While air quality in Jordan is among the best in the Middle East North Africa (MENA) region, Abu Mayyaleh said the gasses emitted by factories around Amman can still be damaging to young people’s health. She uses her work with the 4Health project to link the health of people to the health of the planet. Activities made from environmentally-friendly materials introduce young people to different steps they can take to improve their personal health while respecting that of the Earth’s. As a certified health trainer, Abu Mayyaleh makes regular visits to under-resourced  youth centers in Amman and throughout the country to speak to groups of children and lead game sessions with them.

She laughed as she described her time spent at the Ben Youth Space in Amman, where she volunteers and plays with children. The two to five-year-olds she often spends time with do not have very long attention spans, she admitted. This can make it hard to find educational games that keep kids engaged while exposing them to climate change themes. 

“Each game, each activity, you have a target. So if the kid reaches the target, you know they’ve learned,” Abu Mayyaleh said. Then, with a smile herself, she added that her favorite part of each visit is when she sees the kids beaming up at her at the end of a session.

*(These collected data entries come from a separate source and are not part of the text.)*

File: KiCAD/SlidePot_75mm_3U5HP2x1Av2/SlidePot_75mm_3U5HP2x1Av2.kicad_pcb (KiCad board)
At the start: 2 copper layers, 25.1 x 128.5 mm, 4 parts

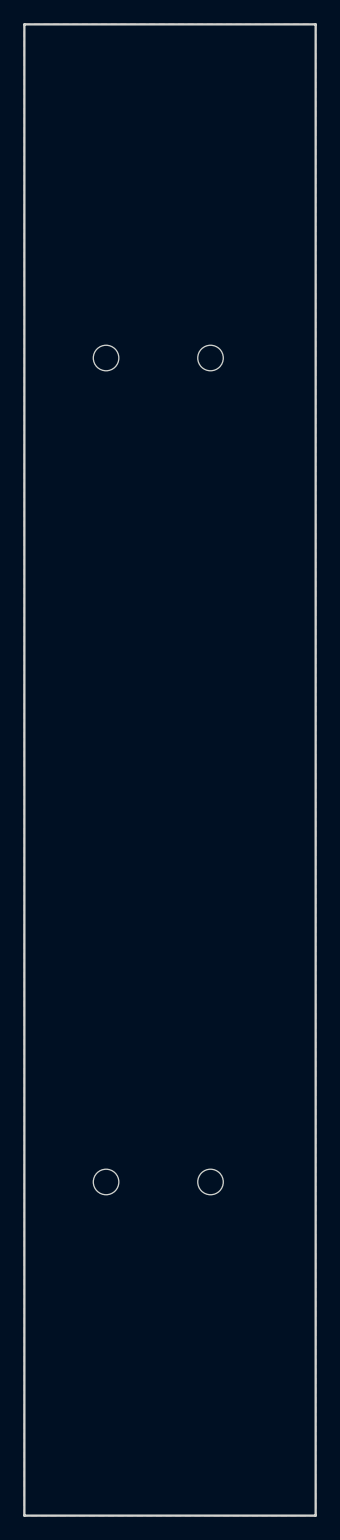
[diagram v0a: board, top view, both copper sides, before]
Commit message: updated all modules to use plated through-holes wherever possible
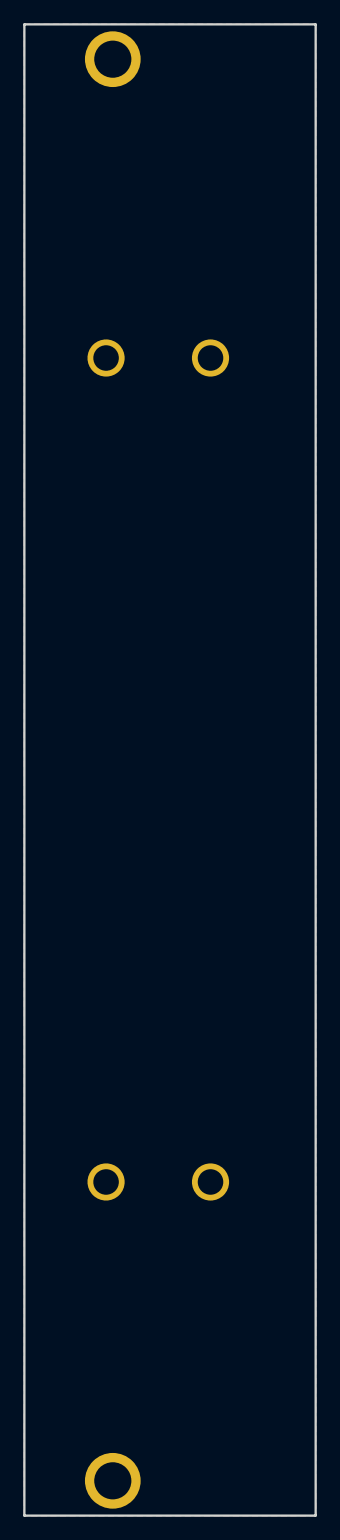
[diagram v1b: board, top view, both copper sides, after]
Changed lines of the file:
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@@
 			)
 		)
-		(pad "" np_thru_hole circle
+		(pad "" thru_hole circle
 			(at 0 -35.5)
-			(size 2.2 2.2)
+			(size 3.2 3.2)
 			(drill 2.2)
 			(layers "*.Cu" "*.Mask")
+			(remove_unused_layers no)
 		)
 		(pad "" np_thru_hole oval
@@
 			(layers "*.Cu" "*.Mask")
 		)
-		(pad "" np_thru_hole circle
+		(pad "" thru_hole circle
 			(at 0 35.5)
-			(size 2.2 2.2)
+			(size 3.2 3.2)
 			(drill 2.2)
 			(layers "*.Cu" "*.Mask")
+			(remove_unused_layers no)
 		)
 		(embedded_fonts no)
@@
 			)
 		)
-		(pad "" np_thru_hole oval
+		(pad "" thru_hole circle
 			(at 0 0)
-			(size 4.34 3.2)
-			(drill oval 4.34 3.2)
-			(layers "*.Cu" "*.Mask")
+			(size 4.8 4.8)
+			(drill 3.2)
+			(layers "*.Cu" "*.Mask")
+			(remove_unused_layers no)
 		)
 		(embedded_fonts no)
@@
 			)
 		)
-		(pad "" np_thru_hole oval
+		(pad "" thru_hole circle
 			(at 0 0)
-			(size 4.34 3.2)
-			(drill oval 4.34 3.2)
-			(layers "*.Cu" "*.Mask")
+			(size 4.8 4.8)
+			(drill 3.2)
+			(layers "*.Cu" "*.Mask")
+			(remove_unused_layers no)
 		)
 		(embedded_fonts no)
@@
 			)
 		)
-		(pad "" np_thru_hole circle
+		(pad "" thru_hole circle
 			(at 0 -35.5)
-			(size 2.2 2.2)
+			(size 3.2 3.2)
 			(drill 2.2)
 			(layers "*.Cu" "*.Mask")
+			(remove_unused_layers no)
 		)
 		(pad "" np_thru_hole oval
@@
 			(layers "*.Cu" "*.Mask")
 		)
-		(pad "" np_thru_hole circle
+		(pad "" thru_hole circle
 			(at 0 35.5)
-			(size 2.2 2.2)
+			(size 3.2 3.2)
 			(drill 2.2)
 			(layers "*.Cu" "*.Mask")
+			(remove_unused_layers no)
 		)
 		(embedded_fonts no)

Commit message: adjusted positioning of the slide pots in 3u5hp2x1 to fix tolerance issues
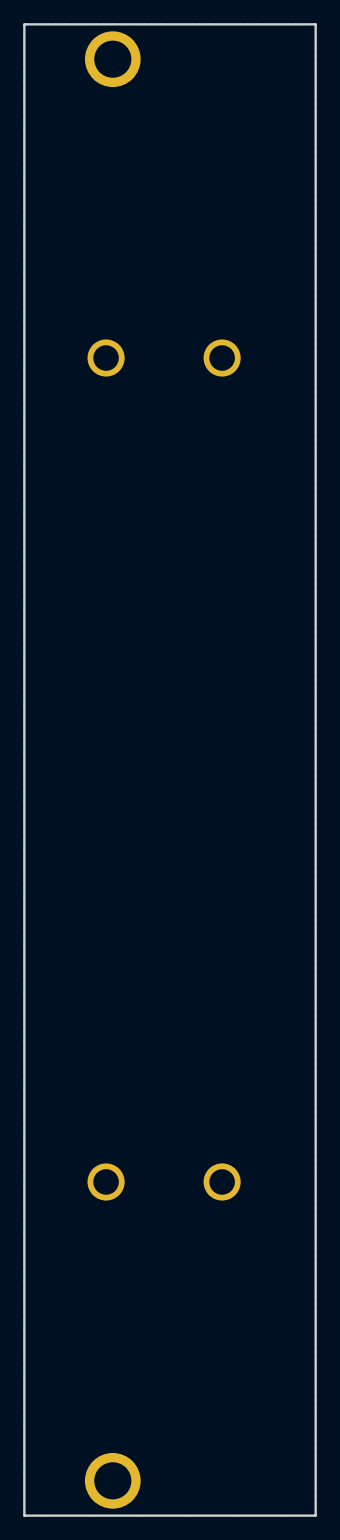
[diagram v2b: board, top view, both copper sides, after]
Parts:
- moved LP2 1.00 mm to (17.0, 66.7)
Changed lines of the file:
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@@
 	(footprint "EXC:Linear_Potentiometer_75mm_M2_Panel_Mount"
 		(layer "F.Cu")
-		(at 16.04 66.675)
+		(at 17.04 66.675)
 		(property "Reference" "LP2"
 			(at 0 -39.5 0)

This, she said, is how she knows her work has been meaningful for them. 

Abu Mayyaleh will finish her studies at the end of 2024. After school, she wants to expand the 4Health project to other parts of the MENA region. She said she also wants to focus on empowering women in the climate activism space. In Jordan, Abu Mayyaleh said that language can pose a barrier for her Arabic-speaking female peers to participate in international dialogues or attend global conferences. 

“There’s a lot of young women here who have knowledge and experiences, but they can’t share it because they don’t have the language, which is English,” she said. She plans to devote more of her time after graduation toward advancing the climate initiatives in Jordan to international audiences. 

At the end of our conversation, I asked Abu Mayyaleh what she wants a U.S. audience to know about her life and work in Jordan. After considering the question for a moment or two, she looked at me warmly. Her expression was reminiscent of when she had leaned in close to me at COP, in a way that declared sudden friendship.  

“Life in Jordan, I think, is very similar to life in America. But, we are a society of youth,” she said, reiterating the role young people can play in driving change. The median age in Jordan is 23, just two years older than Abu Mayyaleh is now. This gives a certain energy to the activism taking place there, letting young people take the lead in a way that is less common in other parts of the world. 

Amid success at home, Abu Mayyaleh keeps her focus on the bigger picture abroad. Climate change is a global issue, she said, and it will not be solved by one country alone. She is determined to keep making connections, becoming a fast friend to others as she works alongside young people from across the planet.

“We want to collaborate with climate activists in the U.S. and other places,” she said. “We want solutions in a global way. We want to work together so we have the power of the youth, together.”